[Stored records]
↓

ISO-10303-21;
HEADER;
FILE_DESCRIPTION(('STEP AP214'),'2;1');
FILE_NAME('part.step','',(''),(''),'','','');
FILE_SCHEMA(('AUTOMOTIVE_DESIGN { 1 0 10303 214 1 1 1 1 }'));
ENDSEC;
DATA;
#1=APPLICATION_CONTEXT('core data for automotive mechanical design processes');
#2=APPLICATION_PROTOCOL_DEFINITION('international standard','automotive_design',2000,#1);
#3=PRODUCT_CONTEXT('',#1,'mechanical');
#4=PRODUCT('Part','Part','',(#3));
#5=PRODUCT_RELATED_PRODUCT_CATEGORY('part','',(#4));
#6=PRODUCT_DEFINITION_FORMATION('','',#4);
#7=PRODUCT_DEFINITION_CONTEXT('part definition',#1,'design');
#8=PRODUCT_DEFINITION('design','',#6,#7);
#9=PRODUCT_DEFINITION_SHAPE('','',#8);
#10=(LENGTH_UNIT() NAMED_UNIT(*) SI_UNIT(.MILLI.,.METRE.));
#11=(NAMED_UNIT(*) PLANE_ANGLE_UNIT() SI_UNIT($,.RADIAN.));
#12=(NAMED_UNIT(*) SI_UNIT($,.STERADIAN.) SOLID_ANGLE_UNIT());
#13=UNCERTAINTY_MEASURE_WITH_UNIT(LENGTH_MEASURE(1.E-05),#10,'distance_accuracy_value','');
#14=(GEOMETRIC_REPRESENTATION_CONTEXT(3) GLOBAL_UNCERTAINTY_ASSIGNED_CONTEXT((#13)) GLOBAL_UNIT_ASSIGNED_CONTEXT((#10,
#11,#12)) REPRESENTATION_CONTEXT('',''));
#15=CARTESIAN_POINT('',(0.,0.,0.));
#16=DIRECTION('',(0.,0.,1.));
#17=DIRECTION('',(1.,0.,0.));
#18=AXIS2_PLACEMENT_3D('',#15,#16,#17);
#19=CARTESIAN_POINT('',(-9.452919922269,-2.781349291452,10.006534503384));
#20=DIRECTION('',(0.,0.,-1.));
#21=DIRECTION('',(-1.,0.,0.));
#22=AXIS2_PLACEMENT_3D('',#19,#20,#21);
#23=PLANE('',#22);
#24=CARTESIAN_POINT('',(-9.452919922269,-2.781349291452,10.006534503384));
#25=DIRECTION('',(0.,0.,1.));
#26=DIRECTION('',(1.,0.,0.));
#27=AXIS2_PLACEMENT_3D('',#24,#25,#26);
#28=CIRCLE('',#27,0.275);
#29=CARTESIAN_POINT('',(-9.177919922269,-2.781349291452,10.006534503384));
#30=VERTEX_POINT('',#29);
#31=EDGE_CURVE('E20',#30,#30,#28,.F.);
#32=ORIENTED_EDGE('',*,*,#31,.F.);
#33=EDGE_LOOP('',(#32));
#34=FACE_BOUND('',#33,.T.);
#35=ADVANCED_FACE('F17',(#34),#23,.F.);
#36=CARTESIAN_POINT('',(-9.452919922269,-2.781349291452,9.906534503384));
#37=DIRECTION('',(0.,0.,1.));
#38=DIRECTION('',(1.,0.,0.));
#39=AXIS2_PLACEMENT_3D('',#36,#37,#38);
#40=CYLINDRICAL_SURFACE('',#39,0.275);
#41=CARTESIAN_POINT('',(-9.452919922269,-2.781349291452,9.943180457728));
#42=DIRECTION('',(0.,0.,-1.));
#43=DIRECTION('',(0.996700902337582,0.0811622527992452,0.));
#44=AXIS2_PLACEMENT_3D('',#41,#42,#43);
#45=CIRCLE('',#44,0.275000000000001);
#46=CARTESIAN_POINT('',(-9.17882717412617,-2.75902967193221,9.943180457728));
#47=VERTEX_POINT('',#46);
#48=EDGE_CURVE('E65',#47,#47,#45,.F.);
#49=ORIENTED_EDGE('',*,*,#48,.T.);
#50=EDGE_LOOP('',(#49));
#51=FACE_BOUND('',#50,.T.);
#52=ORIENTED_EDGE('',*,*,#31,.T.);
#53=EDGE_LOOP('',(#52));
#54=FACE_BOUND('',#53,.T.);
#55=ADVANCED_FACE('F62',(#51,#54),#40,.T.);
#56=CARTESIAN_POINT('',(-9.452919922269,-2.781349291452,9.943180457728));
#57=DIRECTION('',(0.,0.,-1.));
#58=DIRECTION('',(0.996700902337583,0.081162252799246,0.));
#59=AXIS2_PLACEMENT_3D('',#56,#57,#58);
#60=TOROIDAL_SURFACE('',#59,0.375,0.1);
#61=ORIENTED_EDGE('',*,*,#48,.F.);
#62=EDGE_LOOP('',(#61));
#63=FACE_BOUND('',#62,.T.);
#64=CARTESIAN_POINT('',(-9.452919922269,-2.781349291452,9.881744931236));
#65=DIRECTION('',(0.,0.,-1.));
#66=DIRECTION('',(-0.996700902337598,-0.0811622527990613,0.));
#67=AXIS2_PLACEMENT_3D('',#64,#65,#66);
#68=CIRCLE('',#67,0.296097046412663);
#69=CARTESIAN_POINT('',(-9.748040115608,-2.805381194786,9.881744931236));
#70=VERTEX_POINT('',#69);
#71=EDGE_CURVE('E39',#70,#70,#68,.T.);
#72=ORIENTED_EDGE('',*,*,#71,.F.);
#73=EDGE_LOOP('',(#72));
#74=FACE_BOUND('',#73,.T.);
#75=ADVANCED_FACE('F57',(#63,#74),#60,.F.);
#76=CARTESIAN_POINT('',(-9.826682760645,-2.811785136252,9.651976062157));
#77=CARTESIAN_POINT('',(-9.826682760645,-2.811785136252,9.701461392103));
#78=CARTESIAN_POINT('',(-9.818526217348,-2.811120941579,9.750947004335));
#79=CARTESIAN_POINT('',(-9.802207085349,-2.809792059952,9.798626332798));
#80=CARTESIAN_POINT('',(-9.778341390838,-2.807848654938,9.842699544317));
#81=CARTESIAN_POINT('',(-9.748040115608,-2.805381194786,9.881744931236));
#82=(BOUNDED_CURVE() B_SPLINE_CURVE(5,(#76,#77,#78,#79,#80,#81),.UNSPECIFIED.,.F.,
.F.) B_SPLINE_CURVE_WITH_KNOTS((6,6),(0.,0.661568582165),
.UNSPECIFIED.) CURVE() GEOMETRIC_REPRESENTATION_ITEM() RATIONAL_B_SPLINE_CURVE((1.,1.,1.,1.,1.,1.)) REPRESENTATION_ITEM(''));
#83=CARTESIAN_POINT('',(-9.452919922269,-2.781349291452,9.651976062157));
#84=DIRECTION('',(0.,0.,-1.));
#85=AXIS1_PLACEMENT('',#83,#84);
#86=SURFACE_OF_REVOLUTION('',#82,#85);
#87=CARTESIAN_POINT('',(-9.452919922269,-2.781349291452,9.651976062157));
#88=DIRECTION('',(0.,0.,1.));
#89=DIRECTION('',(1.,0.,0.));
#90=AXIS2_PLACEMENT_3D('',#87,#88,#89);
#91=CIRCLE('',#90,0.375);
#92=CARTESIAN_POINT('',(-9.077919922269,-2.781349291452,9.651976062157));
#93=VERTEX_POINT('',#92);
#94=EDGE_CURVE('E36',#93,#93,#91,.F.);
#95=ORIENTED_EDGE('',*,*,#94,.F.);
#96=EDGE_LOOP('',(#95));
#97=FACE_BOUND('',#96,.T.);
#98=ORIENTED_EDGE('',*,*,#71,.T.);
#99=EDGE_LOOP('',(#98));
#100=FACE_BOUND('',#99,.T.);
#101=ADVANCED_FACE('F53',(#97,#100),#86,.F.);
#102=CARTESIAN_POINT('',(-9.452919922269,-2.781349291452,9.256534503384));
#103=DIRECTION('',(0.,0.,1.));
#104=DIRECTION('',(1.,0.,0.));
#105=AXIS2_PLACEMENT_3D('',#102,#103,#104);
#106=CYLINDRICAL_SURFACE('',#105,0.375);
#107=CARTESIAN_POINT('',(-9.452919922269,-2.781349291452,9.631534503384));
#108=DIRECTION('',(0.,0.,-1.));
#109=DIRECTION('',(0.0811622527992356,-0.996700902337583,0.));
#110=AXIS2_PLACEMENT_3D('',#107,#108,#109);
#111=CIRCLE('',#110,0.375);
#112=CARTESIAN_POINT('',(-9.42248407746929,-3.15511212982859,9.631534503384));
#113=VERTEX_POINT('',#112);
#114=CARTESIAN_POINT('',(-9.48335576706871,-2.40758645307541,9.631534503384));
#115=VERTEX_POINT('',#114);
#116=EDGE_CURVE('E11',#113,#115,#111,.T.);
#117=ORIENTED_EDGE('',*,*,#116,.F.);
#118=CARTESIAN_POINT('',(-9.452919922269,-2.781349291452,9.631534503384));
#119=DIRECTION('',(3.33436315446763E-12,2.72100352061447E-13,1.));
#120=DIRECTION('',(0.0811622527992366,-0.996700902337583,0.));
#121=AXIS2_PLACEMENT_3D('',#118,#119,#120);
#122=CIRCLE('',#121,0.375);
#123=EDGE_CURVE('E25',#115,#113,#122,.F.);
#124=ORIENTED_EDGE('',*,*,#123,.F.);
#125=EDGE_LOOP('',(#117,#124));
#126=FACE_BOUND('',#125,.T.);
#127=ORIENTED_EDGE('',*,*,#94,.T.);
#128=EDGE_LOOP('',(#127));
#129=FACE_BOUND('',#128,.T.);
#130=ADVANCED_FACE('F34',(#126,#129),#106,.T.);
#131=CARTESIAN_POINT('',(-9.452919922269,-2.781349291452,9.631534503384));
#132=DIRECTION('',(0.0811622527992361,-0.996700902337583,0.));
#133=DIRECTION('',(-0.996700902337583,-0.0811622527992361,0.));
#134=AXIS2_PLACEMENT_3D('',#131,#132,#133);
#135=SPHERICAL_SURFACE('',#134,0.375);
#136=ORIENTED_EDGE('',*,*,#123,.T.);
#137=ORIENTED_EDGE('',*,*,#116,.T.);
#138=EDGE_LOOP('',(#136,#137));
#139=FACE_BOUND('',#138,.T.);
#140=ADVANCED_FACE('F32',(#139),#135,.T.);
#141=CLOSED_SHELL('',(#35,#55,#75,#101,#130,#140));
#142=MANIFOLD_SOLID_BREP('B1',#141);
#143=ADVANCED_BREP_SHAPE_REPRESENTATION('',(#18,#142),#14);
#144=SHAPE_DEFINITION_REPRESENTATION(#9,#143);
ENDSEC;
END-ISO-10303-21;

↑

In the entries above, find the line with "#6=PRODUCT_DEFINITION_FORMATION('','',#4);" and the line with "#20=DIRECTION('',(0.,0.,-1.));", then restate word for word both of them and every line between, with nothing more.

#6=PRODUCT_DEFINITION_FORMATION('','',#4);
#7=PRODUCT_DEFINITION_CONTEXT('part definition',#1,'design');
#8=PRODUCT_DEFINITION('design','',#6,#7);
#9=PRODUCT_DEFINITION_SHAPE('','',#8);
#10=(LENGTH_UNIT() NAMED_UNIT(*) SI_UNIT(.MILLI.,.METRE.));
#11=(NAMED_UNIT(*) PLANE_ANGLE_UNIT() SI_UNIT($,.RADIAN.));
#12=(NAMED_UNIT(*) SI_UNIT($,.STERADIAN.) SOLID_ANGLE_UNIT());
#13=UNCERTAINTY_MEASURE_WITH_UNIT(LENGTH_MEASURE(1.E-05),#10,'distance_accuracy_value','');
#14=(GEOMETRIC_REPRESENTATION_CONTEXT(3) GLOBAL_UNCERTAINTY_ASSIGNED_CONTEXT((#13)) GLOBAL_UNIT_ASSIGNED_CONTEXT((#10,
#11,#12)) REPRESENTATION_CONTEXT('',''));
#15=CARTESIAN_POINT('',(0.,0.,0.));
#16=DIRECTION('',(0.,0.,1.));
#17=DIRECTION('',(1.,0.,0.));
#18=AXIS2_PLACEMENT_3D('',#15,#16,#17);
#19=CARTESIAN_POINT('',(-9.452919922269,-2.781349291452,10.006534503384));
#20=DIRECTION('',(0.,0.,-1.));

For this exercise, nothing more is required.